Rhein-Pfalz-Kreis
Flüchtlinge: Kreistagsfraktionen wollen die Bezahlkarte
CDU-Fraktionschef Peter Christ hatte es auf einen Anrufmarathon angelegt und binnen eines Tages alle Vertreter der anderen Kreistagsfraktionen erreicht. Sein Ziel: Sie für einen gemeinsamen Antrag für die Einführung einer Bezahlkarte für Flüchtlinge im Rhein-Pfalz-Kreis zu gewinnen. Das Ergebnis: Einstimmigkeit. Alle Fraktionen unterschreiben den Antrag. Und so zieren am Montagabend die Unterschriften aller Fraktionschefs das Schreiben, das an Landrat Clemens Körner gerichtet ist. Ausnahme bleibt die AfD. Die Alternative für Deutschland wurde nicht gefragt.
Bargeld kann nicht mehr nach Hause geschickt werden
Die Bezahlkarte für Geflüchtete ist dieser Tage immer wieder Thema – in einzelnen Landkreisen in der Pfalz drängen Politiker auf eine baldige Einführung. Im Landkreis Germersheim hatte die FDP-Fraktion einen Antrag formuliert. Im Kreis Pirmasens wollte der Kreisausschuss darüber diskutieren, hat den Tagesordnungspunkt allerdings vertagt. Die Hoffnung ist noch da, dass das Land die Initiative ergreift, nachdem die Ministerpräsidentenkonferenz bei einer Zusammenkunft mit Bundeskanzler Olaf Scholz (SPD) Ende 2023 vereinbart hatte, dass die Leistungen an Asylsuchende künftig über ein solches System abgewickelt werden sollen. Statt Bargeld sollen Migranten eine Karte mit einem Guthaben für Einkäufe erhalten. Der Grund: Geflüchtete sollen das Geld, das für den Lebensunterhalt hier gedacht ist, nicht in ihre Heimatländer schicken können. „Oder gar Schlepperbanden finanzieren“, sagt Landrat Clemens Körner, der den Erhalt des Antrags der Kreistagsfraktionen bestätigt.
Der Auftrag an die Kreisverwaltung ist präzise formuliert. „1.) Die Verwaltung möge zeitnah prüfen, ob die Einführung eines Bezahlkartensystems auch im Rhein-Pfalz-Kreis möglich ist, eventuell auch durch Kooperationen mit anderen Landkreisen. 2.) Sollten die Voraussetzungen einer Realisierung im Rhein-Pfalz-Kreis gegeben sein, soll die Ausgabe von Bezahlkarten schnellstmöglich umgesetzt werden.“ Bei der Kreistagssitzung am 18. März sollen die Ergebnisse im Kreistag präsentiert werden. „Da der Antrag nahezu von allen Kreistagsfraktionen getragen wird, muss darüber nicht abgestimmt werden“, sagt Peter Christ. Die Verwaltung könne mit ihrer Arbeit direkt beginnen.

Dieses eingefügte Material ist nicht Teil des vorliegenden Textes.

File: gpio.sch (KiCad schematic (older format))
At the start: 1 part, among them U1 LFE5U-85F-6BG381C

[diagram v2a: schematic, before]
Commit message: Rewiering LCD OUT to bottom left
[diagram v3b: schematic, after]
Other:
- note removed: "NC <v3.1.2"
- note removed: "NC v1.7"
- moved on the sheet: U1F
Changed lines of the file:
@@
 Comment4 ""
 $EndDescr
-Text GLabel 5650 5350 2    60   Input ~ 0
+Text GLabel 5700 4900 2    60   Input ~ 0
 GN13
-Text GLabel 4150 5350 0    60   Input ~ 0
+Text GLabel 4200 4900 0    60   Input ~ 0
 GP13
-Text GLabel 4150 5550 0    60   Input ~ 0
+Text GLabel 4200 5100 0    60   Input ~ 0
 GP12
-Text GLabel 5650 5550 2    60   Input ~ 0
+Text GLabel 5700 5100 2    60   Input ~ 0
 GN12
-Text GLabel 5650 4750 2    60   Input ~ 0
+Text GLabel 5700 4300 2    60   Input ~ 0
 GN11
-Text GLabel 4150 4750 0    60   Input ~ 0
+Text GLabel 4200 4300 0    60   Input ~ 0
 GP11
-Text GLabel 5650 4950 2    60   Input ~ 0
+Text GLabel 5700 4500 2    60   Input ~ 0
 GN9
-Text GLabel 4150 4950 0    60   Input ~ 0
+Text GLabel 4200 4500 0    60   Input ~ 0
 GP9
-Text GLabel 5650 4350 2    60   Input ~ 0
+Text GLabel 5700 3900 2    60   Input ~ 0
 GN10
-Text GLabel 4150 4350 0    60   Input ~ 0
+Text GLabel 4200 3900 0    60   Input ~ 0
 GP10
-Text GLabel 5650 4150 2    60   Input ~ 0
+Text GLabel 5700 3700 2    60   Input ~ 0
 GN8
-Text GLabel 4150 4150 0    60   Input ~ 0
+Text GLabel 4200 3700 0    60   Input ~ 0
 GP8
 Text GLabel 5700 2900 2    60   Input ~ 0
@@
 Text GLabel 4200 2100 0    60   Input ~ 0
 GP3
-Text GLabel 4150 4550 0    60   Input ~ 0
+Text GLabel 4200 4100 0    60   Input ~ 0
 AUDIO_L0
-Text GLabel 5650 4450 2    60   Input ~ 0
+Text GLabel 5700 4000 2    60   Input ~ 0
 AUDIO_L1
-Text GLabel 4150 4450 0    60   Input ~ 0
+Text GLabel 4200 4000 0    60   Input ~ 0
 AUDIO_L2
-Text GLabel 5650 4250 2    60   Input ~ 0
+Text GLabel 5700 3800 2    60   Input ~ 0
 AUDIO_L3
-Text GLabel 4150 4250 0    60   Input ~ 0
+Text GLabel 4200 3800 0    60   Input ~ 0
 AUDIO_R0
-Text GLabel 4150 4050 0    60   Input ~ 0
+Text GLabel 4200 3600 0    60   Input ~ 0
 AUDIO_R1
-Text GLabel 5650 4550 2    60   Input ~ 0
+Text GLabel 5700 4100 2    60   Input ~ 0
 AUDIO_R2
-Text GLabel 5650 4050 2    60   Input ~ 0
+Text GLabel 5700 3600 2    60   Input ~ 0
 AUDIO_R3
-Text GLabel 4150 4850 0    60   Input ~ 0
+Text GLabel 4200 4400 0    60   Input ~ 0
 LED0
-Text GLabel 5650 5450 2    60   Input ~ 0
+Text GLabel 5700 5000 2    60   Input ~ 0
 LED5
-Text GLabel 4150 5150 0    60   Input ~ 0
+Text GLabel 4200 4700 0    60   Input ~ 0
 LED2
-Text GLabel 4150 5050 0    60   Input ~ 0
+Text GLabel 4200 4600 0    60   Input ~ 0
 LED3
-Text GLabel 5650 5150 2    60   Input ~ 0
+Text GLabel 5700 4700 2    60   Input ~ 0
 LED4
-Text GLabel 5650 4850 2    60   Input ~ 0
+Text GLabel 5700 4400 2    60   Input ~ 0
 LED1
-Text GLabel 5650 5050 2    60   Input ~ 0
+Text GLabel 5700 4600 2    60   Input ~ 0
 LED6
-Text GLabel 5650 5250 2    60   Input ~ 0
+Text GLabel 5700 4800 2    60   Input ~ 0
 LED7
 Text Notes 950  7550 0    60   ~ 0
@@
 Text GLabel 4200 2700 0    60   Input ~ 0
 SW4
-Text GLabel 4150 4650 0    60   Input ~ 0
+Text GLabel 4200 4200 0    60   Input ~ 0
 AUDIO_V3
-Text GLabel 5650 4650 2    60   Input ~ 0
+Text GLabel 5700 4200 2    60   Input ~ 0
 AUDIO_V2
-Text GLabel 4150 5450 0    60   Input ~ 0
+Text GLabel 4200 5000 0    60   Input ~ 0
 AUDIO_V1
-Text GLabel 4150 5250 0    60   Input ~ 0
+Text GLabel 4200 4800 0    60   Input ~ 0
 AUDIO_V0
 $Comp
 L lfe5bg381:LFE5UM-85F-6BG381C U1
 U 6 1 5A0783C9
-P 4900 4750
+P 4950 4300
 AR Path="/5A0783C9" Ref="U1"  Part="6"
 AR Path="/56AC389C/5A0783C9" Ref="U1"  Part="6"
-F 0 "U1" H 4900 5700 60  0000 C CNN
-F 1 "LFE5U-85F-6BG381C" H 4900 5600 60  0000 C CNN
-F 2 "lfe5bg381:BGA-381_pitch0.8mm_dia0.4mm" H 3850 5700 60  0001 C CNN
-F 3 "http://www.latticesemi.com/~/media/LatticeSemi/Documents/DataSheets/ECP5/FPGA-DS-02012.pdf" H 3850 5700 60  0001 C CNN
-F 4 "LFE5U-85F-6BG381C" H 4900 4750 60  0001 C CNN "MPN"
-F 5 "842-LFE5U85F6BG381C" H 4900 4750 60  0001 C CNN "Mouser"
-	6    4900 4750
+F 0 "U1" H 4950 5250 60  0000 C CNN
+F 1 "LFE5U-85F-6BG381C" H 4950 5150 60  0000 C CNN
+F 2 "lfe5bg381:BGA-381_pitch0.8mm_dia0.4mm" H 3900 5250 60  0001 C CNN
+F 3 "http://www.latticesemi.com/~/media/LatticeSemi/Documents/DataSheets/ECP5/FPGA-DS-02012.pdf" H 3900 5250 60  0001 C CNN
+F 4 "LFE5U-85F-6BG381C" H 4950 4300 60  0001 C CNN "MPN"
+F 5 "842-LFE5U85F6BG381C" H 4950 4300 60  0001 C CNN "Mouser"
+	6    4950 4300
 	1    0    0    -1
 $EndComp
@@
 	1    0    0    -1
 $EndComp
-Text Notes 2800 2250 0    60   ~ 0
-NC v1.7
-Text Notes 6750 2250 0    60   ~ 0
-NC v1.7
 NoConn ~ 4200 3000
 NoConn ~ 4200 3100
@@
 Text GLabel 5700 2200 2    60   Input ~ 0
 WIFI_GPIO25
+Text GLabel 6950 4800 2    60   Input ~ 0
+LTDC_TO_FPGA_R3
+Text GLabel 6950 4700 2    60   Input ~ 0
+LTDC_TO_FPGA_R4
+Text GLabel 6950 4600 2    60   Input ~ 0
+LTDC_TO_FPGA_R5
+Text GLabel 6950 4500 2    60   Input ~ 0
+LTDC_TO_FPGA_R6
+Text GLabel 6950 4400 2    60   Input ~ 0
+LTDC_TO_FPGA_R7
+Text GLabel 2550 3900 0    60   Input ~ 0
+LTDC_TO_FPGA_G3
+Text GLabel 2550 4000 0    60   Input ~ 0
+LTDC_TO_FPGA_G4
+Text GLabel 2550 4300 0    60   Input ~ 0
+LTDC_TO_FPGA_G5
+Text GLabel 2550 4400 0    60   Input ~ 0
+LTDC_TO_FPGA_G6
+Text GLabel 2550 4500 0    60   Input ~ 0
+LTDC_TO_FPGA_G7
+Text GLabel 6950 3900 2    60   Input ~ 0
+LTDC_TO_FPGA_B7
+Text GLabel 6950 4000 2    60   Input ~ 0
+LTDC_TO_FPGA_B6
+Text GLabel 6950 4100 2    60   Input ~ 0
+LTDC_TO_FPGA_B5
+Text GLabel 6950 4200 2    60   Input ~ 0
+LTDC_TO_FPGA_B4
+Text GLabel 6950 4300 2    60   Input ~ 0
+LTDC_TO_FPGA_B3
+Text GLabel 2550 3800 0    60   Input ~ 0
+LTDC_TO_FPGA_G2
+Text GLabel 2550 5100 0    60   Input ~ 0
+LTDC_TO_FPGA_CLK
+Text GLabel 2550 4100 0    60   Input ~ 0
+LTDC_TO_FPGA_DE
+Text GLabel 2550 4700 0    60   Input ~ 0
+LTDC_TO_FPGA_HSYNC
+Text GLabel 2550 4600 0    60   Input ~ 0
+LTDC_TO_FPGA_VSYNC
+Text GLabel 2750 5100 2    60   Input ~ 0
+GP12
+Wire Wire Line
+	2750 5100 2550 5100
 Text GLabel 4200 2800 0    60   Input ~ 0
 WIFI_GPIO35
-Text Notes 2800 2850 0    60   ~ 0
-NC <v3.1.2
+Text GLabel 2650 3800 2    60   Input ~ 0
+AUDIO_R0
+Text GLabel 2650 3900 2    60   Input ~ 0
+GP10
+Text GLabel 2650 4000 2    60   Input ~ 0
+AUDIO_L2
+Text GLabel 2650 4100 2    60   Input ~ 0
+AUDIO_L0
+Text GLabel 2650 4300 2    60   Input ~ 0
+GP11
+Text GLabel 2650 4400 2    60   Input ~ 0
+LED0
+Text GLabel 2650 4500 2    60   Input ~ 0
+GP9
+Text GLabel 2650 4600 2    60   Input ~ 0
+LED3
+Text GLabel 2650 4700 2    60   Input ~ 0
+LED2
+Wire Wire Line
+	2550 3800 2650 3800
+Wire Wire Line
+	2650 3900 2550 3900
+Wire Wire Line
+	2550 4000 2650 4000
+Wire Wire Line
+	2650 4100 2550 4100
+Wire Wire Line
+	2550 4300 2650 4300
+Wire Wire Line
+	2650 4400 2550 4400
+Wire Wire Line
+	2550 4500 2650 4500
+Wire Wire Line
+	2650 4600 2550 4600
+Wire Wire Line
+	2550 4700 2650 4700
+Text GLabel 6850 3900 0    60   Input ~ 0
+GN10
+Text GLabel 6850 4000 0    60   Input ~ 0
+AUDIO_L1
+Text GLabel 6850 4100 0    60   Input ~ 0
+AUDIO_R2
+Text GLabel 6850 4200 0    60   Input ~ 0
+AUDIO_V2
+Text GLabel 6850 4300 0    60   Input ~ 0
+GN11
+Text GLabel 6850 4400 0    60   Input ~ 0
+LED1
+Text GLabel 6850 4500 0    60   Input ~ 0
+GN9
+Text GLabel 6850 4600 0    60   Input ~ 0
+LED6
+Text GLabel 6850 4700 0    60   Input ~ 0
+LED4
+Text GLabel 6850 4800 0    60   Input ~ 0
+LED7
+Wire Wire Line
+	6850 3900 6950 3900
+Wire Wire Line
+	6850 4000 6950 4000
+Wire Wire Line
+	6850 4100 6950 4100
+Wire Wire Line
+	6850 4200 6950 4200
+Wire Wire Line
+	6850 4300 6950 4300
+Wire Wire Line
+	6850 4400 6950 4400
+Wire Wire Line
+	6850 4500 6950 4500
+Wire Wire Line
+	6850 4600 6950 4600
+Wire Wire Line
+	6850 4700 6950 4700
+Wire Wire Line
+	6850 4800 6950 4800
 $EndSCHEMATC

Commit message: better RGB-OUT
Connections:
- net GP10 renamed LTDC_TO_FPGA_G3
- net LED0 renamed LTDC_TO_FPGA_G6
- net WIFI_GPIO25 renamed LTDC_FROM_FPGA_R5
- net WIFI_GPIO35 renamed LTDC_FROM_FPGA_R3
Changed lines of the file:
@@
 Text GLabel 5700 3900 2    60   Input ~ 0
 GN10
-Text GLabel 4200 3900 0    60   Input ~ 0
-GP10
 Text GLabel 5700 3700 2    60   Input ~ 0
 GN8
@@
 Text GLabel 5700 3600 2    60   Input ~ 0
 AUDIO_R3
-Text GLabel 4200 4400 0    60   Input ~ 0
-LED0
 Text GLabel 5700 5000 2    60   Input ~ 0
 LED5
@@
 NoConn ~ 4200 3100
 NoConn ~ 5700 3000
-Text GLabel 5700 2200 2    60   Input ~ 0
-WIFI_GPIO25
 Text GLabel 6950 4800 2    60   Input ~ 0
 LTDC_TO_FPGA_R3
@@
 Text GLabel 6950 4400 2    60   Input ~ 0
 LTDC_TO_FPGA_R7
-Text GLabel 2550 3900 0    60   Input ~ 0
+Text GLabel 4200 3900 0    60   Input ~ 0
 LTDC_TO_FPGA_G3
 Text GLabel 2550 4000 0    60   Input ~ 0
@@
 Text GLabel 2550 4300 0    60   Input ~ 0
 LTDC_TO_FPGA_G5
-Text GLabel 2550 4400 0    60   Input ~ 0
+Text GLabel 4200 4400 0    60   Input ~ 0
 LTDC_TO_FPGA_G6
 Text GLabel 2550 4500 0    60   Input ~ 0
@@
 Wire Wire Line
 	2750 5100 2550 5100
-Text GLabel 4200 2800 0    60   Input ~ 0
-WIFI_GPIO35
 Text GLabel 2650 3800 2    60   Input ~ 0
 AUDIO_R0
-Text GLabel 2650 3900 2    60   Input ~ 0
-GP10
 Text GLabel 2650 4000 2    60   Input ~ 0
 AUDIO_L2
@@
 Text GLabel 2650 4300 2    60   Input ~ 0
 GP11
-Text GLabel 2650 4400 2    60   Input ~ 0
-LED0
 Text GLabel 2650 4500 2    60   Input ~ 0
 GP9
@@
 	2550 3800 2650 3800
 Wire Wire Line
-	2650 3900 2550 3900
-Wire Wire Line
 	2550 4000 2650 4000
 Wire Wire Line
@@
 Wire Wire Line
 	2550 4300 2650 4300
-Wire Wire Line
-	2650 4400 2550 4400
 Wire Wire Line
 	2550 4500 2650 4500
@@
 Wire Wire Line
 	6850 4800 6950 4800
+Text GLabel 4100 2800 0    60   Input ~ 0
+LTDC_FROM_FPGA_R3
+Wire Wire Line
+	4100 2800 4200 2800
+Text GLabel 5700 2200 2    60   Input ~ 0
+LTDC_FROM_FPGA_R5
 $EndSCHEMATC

Und das will sie auch. Clemens Körner teilt auf Anfrage mit, dass er die Einführung der Bezahlkarte unterstützt. „Der Antrag könnte von mir sein“, sagt er und lacht. Die Verwaltung werde prüfen, ob der Rhein-Pfalz-Kreis das System für sich alleine installieren könnte. Lieber wäre dem Landrat allerdings, dass die Initiativen der Landkreise das Land Rheinland-Pfalz dazu bewegen, die Karte flächendeckend einzuführen. „Der Landkreistag hat das ebenfalls befürwortet. Ich denke, es entsteht ein gewisser Druck.“ Körner wäre bereit, mit dem Rhein-Pfalz-Kreis Pilotprojektpartner zu sein. „Wir würden mit in die Testphase gehen.“
Weg vom Bargeld, hin zur Karte. Für Jürgen Jacob, Fraktionschef der FWG im Kreis, ist das der richtige Weg. Mit der Karte könnten die Menschen kaufen, was sie zum täglichen Leben brauchten. Und dafür sei die Unterstützung auch gedacht, und nicht, um Geld an Verwandte und Freunde in den Heimatländern zu schicken. „Mit der Karte gibt es eine bessere Kontrolle“, sagt Jacob. Er erinnert sich noch an die Bezugsscheine für Sozialhilfeempfänger. „Damit sind die Leute in die Läden und haben bekommen, was sie gerade benötigten. Das war eine gute Sache. Geld konnte nicht zweckentfremdet werden.“ Das gleiche verspricht sich Jacob von der Bezahlkarte, die ähnlich wie eine Prepaid-Karte funktionieren soll. Die Karte kann mit Guthaben aufgeladen, entladen oder sogar gesperrt werden. „Ich verfolge das in den Medien und sehe, dass andere Kreise die Karte schon eingeführt haben. Dann muss es hier auch gehen“, meint Jacob.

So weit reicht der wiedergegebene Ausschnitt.